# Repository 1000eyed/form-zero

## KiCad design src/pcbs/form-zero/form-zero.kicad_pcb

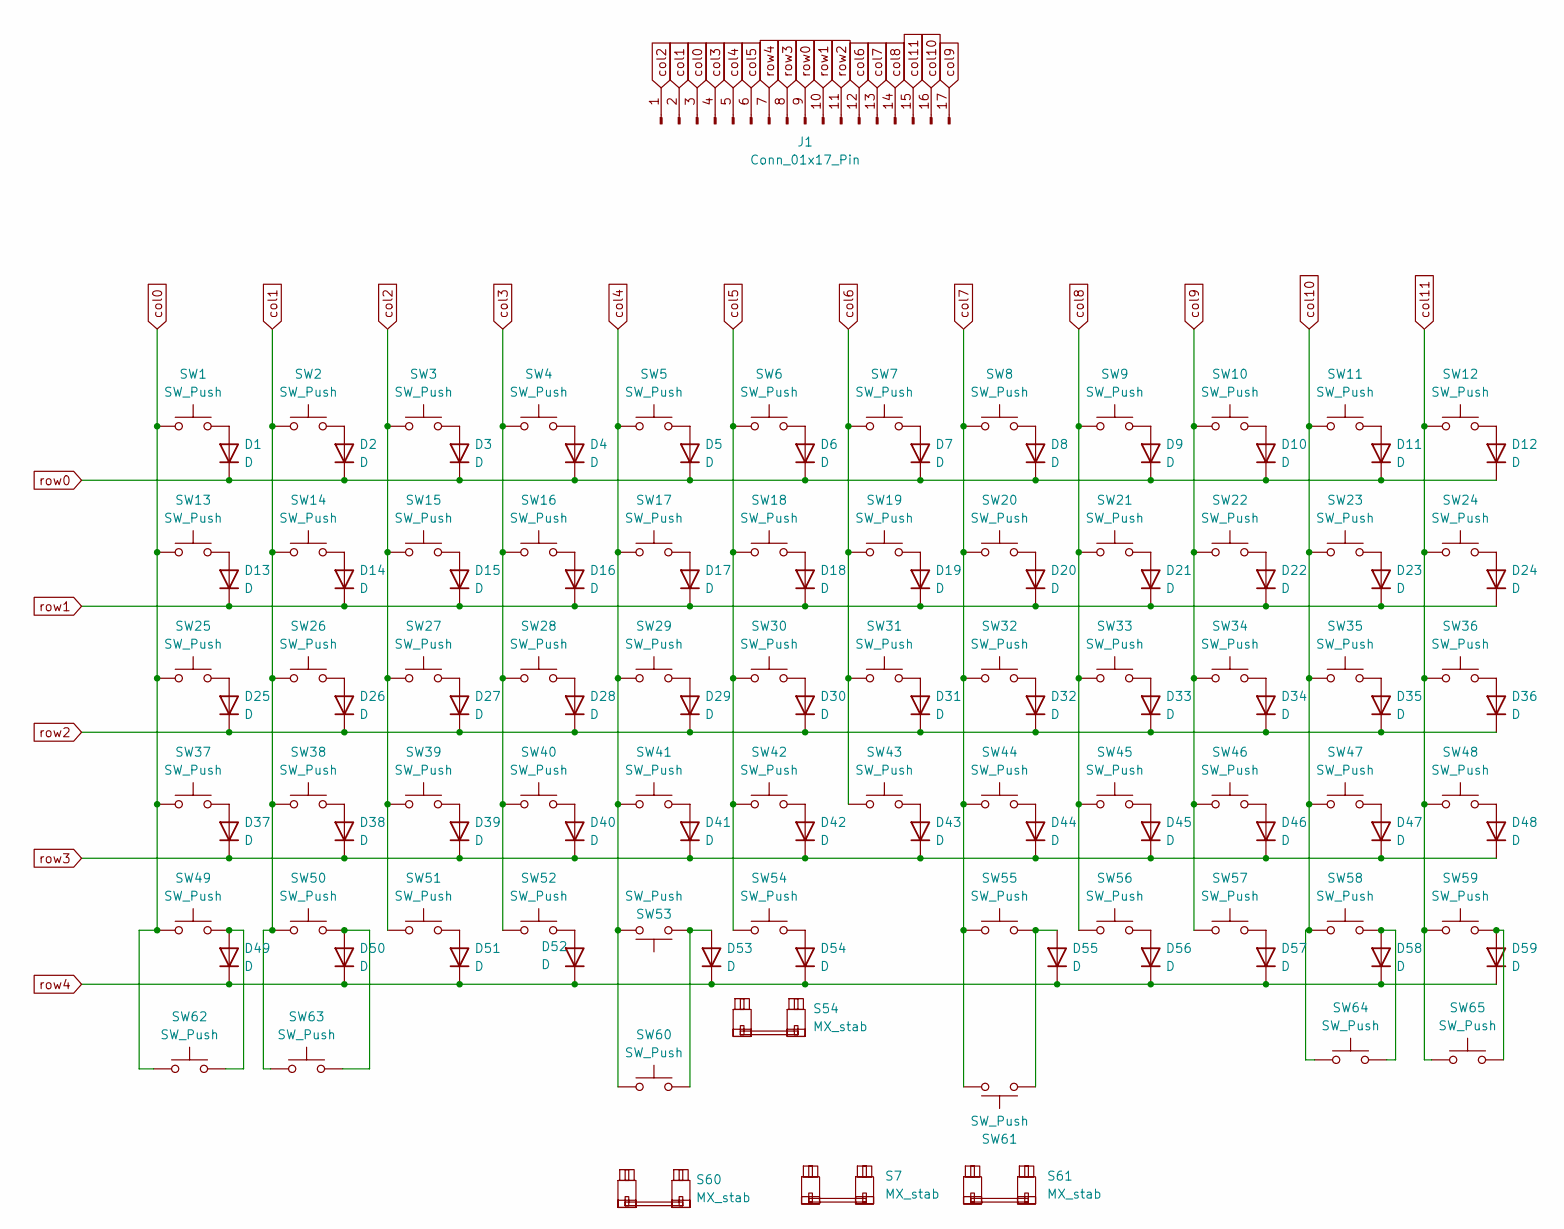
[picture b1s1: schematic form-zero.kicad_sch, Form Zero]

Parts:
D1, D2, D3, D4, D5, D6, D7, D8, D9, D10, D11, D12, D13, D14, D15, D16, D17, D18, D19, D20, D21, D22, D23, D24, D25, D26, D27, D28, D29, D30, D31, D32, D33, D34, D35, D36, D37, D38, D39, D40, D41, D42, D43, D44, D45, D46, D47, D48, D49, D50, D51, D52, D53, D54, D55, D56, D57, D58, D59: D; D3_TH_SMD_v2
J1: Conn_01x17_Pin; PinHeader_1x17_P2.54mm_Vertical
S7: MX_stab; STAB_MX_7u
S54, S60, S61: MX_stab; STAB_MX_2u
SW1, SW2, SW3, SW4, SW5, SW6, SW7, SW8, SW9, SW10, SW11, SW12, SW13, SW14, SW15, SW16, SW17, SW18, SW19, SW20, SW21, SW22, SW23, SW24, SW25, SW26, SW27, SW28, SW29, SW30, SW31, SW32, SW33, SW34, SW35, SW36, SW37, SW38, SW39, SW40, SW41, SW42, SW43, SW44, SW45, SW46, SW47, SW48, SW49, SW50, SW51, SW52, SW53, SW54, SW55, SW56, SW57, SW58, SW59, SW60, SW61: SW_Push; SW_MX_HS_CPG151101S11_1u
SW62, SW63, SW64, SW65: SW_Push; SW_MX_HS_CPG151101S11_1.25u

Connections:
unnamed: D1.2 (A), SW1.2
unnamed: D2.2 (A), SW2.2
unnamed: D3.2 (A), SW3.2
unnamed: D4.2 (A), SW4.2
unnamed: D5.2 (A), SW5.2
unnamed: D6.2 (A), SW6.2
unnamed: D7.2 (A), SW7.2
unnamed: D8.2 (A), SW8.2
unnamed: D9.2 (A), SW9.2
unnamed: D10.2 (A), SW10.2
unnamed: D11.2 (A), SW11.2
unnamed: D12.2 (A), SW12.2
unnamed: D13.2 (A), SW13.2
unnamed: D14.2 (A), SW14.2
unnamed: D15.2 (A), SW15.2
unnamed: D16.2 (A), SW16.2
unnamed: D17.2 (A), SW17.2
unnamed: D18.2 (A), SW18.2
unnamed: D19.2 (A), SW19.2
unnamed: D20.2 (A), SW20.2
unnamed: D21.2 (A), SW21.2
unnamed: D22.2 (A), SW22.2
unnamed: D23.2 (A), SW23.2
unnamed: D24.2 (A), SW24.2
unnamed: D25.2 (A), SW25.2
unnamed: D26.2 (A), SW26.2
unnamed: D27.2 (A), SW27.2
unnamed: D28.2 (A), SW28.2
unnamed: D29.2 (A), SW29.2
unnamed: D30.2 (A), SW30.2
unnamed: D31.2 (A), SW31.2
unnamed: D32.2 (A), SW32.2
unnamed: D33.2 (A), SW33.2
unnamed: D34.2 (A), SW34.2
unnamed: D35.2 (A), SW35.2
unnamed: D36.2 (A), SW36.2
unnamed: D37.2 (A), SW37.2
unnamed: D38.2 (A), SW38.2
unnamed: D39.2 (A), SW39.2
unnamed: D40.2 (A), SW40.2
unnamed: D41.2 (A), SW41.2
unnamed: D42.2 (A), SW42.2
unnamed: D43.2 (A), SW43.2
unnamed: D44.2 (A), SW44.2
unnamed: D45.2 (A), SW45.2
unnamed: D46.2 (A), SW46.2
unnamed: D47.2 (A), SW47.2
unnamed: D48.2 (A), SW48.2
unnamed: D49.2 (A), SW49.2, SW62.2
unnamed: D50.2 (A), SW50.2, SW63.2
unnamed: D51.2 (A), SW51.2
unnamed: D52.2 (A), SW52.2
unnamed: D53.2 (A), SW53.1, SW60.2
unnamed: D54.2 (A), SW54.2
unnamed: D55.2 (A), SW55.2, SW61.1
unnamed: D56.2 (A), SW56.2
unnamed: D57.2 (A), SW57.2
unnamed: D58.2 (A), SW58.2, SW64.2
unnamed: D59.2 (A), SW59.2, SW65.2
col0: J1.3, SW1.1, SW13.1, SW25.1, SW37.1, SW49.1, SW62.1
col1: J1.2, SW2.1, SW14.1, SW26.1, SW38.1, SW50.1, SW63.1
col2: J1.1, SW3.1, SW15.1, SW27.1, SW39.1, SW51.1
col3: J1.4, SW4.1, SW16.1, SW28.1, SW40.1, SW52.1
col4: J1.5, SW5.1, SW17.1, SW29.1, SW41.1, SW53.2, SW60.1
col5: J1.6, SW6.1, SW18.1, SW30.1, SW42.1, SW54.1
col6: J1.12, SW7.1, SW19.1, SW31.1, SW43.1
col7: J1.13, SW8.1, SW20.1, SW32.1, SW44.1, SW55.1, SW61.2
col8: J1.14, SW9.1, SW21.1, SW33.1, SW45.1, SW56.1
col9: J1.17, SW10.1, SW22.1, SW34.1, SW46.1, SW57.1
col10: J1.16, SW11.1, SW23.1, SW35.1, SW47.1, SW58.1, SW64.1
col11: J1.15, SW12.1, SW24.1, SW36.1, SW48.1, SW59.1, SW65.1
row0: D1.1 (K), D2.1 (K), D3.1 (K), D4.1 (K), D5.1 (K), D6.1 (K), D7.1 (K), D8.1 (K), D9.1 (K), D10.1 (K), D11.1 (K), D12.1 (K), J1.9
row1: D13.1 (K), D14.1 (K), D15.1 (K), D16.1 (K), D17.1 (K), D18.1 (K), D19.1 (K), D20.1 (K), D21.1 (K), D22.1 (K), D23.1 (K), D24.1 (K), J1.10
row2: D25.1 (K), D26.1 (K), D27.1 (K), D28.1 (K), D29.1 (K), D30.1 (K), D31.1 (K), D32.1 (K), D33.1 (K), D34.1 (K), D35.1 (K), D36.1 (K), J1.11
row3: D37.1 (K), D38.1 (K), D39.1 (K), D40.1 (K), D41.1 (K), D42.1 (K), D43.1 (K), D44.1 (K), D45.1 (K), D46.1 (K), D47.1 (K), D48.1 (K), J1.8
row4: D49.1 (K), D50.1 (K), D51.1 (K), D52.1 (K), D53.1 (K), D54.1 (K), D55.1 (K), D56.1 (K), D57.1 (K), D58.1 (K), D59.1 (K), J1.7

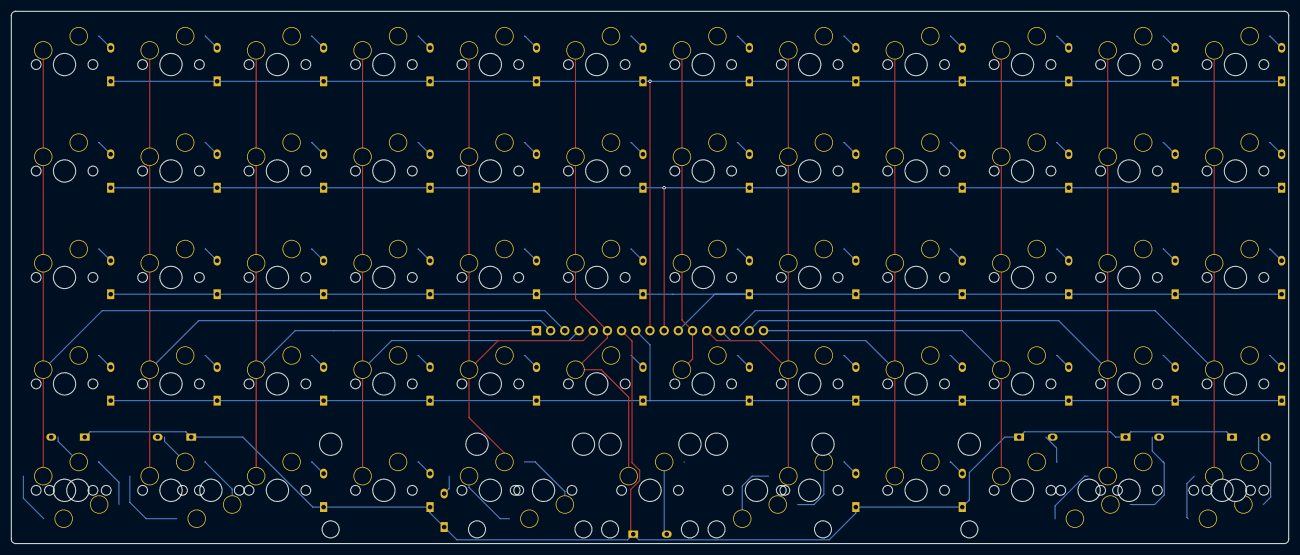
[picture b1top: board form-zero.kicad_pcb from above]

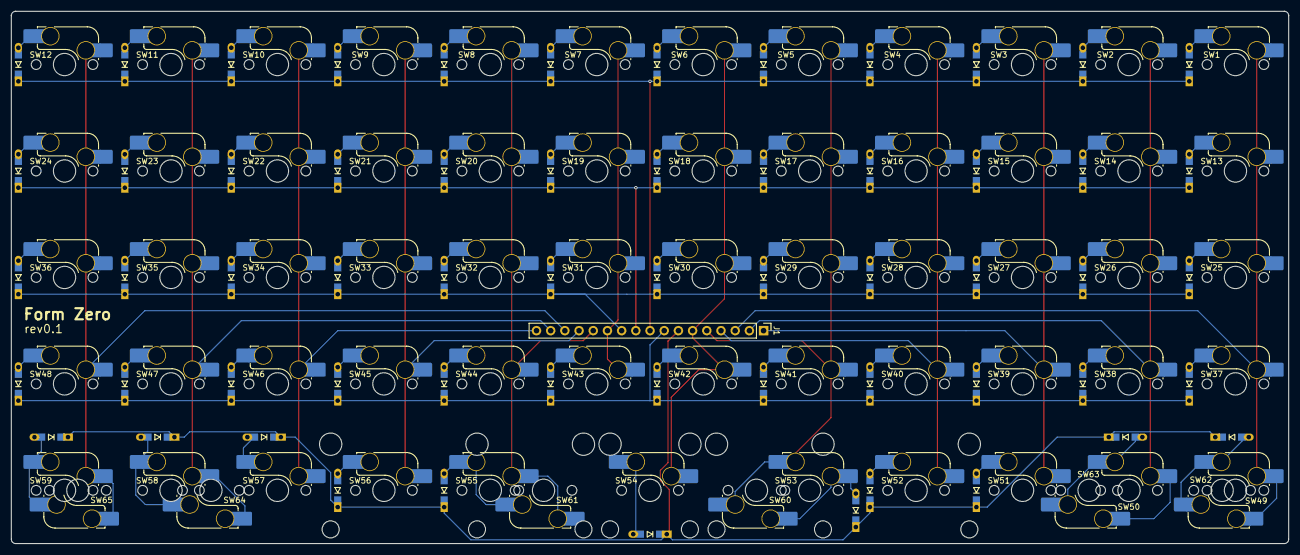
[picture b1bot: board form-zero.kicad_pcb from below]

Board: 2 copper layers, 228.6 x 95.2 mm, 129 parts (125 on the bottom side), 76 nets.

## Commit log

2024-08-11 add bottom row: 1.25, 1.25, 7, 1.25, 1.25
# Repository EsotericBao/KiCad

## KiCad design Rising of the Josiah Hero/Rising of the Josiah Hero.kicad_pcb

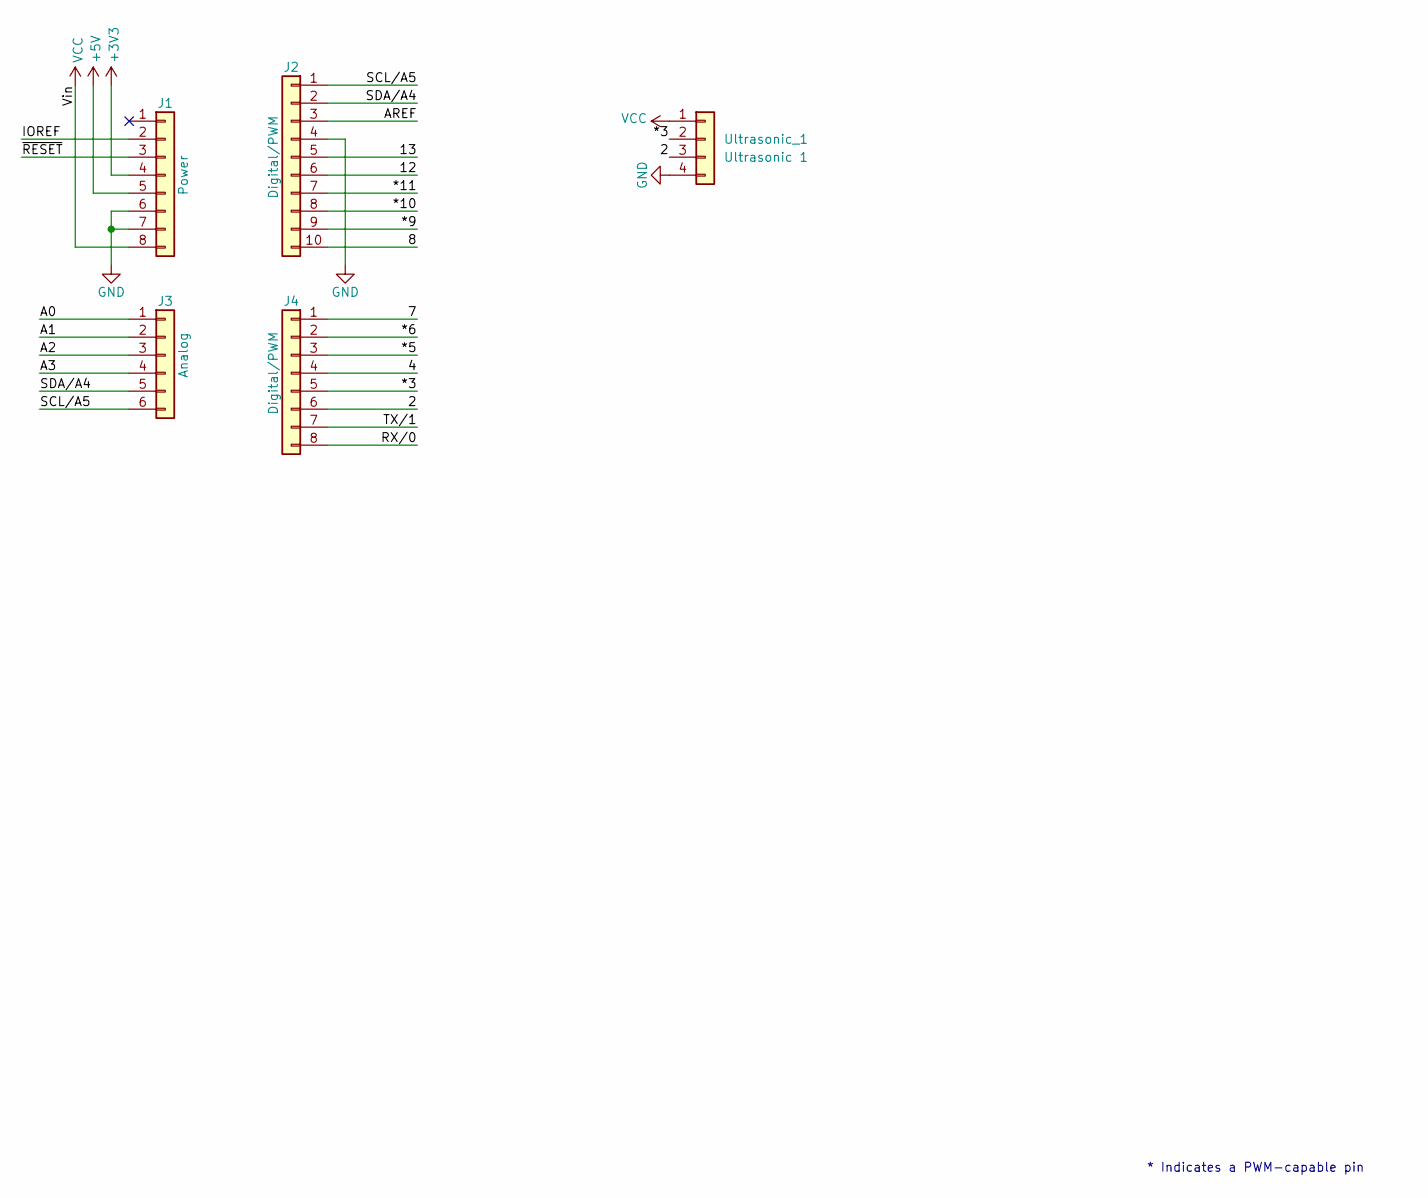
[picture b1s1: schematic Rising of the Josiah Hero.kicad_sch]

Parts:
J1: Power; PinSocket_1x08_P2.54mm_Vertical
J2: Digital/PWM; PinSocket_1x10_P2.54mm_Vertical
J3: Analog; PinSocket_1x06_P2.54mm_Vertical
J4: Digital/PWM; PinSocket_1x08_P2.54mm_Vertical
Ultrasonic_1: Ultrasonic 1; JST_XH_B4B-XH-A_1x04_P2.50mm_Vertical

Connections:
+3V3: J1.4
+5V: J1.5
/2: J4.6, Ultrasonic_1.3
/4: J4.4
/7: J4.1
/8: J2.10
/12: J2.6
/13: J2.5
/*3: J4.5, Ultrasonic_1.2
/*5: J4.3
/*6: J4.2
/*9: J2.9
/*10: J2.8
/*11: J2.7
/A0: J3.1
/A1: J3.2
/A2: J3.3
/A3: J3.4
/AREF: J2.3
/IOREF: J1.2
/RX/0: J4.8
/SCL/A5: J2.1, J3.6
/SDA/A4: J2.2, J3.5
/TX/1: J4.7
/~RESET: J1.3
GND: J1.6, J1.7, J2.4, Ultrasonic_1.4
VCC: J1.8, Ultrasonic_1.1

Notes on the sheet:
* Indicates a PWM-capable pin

Your task:
Your task is to reproduce exactly the lines from the start of the data above through the line containing "S54, S60, S61: MX_stab; STAB_MX_2u", leaving every picture out.

Written answer:
# Repository 1000eyed/form-zero

## KiCad design src/pcbs/form-zero/form-zero.kicad_pcb

[picture b1s1: schematic form-zero.kicad_sch, Form Zero]

Parts:
D1, D2, D3, D4, D5, D6, D7, D8, D9, D10, D11, D12, D13, D14, D15, D16, D17, D18, D19, D20, D21, D22, D23, D24, D25, D26, D27, D28, D29, D30, D31, D32, D33, D34, D35, D36, D37, D38, D39, D40, D41, D42, D43, D44, D45, D46, D47, D48, D49, D50, D51, D52, D53, D54, D55, D56, D57, D58, D59: D; D3_TH_SMD_v2
J1: Conn_01x17_Pin; PinHeader_1x17_P2.54mm_Vertical
S7: MX_stab; STAB_MX_7u
S54, S60, S61: MX_stab; STAB_MX_2u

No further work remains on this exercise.